──────── TASK INPUTS ────────

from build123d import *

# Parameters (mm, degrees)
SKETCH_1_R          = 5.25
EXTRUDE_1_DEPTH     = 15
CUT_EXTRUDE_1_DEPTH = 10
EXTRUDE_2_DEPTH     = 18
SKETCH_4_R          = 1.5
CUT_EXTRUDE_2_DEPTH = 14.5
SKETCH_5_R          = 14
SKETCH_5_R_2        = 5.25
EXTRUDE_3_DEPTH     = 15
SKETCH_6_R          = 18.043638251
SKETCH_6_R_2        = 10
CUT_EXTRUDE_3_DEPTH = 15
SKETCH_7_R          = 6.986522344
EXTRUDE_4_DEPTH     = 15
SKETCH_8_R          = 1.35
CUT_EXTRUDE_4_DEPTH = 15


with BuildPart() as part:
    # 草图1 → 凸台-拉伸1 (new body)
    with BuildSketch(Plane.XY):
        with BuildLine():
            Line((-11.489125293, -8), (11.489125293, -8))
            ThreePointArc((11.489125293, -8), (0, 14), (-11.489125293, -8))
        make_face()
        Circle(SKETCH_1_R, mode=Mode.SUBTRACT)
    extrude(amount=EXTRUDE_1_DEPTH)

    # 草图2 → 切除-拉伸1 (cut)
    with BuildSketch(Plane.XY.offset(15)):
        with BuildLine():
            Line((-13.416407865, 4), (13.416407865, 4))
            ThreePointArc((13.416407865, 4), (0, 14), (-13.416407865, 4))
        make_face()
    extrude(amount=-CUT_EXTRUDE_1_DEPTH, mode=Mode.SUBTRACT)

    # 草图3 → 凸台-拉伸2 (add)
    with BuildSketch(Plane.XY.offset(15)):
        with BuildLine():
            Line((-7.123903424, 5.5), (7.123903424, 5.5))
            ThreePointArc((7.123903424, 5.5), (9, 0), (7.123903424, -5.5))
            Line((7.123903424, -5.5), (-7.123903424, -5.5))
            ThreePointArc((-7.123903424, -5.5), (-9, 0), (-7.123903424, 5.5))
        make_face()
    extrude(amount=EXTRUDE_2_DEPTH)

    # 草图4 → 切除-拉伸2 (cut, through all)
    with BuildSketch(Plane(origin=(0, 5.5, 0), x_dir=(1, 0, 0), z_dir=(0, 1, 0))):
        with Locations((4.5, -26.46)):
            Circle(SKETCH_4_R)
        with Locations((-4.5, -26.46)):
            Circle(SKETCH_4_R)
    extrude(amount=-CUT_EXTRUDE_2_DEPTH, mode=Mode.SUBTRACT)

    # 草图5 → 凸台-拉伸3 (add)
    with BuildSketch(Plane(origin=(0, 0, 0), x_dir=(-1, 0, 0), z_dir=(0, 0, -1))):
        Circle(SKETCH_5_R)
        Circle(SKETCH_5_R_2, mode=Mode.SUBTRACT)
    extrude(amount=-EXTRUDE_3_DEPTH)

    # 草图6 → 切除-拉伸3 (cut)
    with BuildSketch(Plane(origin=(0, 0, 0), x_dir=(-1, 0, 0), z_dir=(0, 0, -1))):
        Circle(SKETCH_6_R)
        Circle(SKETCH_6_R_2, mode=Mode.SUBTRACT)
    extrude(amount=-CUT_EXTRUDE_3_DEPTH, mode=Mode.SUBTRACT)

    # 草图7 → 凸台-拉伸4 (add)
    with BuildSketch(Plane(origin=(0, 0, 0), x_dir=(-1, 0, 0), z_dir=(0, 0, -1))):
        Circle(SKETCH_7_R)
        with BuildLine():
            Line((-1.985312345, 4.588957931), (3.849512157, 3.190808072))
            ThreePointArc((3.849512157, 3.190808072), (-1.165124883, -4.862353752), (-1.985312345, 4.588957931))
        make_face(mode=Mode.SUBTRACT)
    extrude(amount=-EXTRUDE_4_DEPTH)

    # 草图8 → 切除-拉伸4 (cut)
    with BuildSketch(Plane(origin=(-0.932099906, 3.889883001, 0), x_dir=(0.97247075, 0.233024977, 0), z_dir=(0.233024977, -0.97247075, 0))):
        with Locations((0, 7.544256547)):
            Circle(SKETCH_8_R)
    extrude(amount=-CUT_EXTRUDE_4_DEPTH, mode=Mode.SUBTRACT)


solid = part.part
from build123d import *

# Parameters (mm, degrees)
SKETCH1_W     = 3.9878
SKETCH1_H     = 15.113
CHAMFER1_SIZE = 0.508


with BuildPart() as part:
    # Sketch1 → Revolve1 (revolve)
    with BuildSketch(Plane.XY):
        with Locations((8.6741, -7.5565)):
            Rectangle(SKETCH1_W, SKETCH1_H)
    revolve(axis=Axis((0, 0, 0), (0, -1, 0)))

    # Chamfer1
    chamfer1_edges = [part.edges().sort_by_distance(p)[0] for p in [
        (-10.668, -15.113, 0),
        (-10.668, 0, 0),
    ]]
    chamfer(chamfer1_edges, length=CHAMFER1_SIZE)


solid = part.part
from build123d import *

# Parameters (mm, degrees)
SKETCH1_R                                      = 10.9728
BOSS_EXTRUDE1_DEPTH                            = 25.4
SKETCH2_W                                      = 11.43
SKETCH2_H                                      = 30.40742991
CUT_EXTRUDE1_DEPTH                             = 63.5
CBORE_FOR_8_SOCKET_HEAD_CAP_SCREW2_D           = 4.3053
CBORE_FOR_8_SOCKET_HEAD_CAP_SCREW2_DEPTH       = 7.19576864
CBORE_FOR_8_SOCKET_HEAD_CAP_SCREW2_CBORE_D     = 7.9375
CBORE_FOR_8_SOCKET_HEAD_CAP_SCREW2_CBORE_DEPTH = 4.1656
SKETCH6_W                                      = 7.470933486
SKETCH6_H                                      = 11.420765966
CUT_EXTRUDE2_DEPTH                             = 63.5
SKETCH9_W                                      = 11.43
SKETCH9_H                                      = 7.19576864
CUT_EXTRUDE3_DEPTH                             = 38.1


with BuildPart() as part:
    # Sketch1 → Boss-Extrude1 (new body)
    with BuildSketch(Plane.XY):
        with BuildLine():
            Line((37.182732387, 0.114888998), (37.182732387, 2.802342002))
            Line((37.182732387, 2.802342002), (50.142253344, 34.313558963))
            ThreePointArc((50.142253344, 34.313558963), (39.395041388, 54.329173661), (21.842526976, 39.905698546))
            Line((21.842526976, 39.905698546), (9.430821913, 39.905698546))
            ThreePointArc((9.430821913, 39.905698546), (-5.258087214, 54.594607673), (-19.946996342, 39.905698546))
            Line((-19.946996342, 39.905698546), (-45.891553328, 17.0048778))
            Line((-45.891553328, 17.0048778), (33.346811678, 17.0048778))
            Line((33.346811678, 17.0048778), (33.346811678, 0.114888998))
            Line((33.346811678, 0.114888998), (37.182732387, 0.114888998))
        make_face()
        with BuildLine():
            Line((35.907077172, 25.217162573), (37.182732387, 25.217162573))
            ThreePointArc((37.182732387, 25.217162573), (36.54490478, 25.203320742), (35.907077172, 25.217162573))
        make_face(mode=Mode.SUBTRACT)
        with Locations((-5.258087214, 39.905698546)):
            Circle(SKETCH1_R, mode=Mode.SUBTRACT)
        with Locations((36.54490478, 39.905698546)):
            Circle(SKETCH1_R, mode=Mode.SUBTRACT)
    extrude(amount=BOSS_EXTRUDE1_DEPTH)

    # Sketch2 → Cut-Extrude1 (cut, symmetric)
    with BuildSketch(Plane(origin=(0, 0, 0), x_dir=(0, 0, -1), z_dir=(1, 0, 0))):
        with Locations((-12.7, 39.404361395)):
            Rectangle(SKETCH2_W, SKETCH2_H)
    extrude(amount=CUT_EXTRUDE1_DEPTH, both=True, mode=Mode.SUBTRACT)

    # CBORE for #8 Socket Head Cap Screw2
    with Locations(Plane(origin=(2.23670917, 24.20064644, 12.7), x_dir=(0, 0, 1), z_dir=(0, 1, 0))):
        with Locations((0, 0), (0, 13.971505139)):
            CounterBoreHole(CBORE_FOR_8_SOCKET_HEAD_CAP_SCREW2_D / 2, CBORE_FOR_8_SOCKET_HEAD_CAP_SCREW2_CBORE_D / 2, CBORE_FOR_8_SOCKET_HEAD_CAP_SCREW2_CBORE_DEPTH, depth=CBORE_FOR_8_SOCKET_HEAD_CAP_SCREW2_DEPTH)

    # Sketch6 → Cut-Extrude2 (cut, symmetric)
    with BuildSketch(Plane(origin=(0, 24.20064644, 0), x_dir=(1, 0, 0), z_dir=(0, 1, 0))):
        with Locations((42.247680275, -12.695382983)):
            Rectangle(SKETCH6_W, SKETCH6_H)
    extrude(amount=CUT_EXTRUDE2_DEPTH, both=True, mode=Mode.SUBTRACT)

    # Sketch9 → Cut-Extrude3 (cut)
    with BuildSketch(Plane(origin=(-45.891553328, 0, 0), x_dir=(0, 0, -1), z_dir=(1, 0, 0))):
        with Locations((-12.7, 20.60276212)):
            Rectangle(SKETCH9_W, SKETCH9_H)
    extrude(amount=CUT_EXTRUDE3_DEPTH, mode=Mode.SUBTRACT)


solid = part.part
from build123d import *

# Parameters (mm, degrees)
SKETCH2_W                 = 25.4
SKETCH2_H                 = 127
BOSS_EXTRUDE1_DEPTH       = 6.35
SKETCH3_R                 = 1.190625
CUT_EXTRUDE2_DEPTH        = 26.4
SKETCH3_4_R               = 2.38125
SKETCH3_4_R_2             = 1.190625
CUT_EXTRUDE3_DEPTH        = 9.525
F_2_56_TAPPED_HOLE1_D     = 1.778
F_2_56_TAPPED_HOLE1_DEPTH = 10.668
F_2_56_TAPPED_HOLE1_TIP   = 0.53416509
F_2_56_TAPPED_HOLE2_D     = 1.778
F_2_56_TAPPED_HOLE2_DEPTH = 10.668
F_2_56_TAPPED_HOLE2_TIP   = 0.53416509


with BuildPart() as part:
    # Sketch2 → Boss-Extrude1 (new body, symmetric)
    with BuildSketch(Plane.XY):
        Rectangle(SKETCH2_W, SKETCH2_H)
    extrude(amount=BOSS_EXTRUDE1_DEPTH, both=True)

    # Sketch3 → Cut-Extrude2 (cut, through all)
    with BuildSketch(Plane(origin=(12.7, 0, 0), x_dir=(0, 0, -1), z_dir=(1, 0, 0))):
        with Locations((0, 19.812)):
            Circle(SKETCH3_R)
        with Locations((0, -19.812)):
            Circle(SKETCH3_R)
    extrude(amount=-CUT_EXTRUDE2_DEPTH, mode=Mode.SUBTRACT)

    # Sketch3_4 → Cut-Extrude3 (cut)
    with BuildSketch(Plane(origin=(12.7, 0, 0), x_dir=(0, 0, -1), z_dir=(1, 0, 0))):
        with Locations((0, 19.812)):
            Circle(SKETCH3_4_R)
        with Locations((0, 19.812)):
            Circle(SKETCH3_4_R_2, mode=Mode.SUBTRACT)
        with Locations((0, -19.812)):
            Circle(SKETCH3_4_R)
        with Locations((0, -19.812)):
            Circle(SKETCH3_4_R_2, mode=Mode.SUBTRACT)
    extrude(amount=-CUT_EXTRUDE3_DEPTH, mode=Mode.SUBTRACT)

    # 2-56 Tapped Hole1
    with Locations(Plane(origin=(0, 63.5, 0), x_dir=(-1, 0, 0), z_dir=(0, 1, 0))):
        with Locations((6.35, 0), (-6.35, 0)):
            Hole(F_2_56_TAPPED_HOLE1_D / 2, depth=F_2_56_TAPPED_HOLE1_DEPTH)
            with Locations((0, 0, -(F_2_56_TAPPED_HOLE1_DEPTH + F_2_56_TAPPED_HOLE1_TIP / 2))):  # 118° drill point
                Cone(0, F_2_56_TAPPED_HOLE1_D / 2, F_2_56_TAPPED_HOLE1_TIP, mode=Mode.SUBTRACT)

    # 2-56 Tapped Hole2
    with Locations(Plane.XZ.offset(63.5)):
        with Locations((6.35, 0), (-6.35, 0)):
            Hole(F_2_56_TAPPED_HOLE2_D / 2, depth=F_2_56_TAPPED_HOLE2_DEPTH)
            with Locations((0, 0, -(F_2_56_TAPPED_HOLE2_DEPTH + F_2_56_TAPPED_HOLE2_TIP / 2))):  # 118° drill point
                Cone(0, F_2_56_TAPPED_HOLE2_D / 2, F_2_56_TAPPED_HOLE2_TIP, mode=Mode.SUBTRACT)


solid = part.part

────────

WHAT THIS TASK INVOLVES:
Which lines above run from the one containing "CBORE_FOR_8_SOCKET_HEAD_CAP_SCREW2_CBORE_DEPTH = 4.1656" to the one containing "Line((35.907077172, 25.217162573), (37.182732387, 25.217162573))"? Give them again exactly, both ends included.

TASK OUTPUT:
CBORE_FOR_8_SOCKET_HEAD_CAP_SCREW2_CBORE_DEPTH = 4.1656
SKETCH6_W                                      = 7.470933486
SKETCH6_H                                      = 11.420765966
CUT_EXTRUDE2_DEPTH                             = 63.5
SKETCH9_W                                      = 11.43
SKETCH9_H                                      = 7.19576864
CUT_EXTRUDE3_DEPTH                             = 38.1


with BuildPart() as part:
    # Sketch1 → Boss-Extrude1 (new body)
    with BuildSketch(Plane.XY):
        with BuildLine():
            Line((37.182732387, 0.114888998), (37.182732387, 2.802342002))
            Line((37.182732387, 2.802342002), (50.142253344, 34.313558963))
            ThreePointArc((50.142253344, 34.313558963), (39.395041388, 54.329173661), (21.842526976, 39.905698546))
            Line((21.842526976, 39.905698546), (9.430821913, 39.905698546))
            ThreePointArc((9.430821913, 39.905698546), (-5.258087214, 54.594607673), (-19.946996342, 39.905698546))
            Line((-19.946996342, 39.905698546), (-45.891553328, 17.0048778))
            Line((-45.891553328, 17.0048778), (33.346811678, 17.0048778))
            Line((33.346811678, 17.0048778), (33.346811678, 0.114888998))
            Line((33.346811678, 0.114888998), (37.182732387, 0.114888998))
        make_face()
        with BuildLine():
            Line((35.907077172, 25.217162573), (37.182732387, 25.217162573))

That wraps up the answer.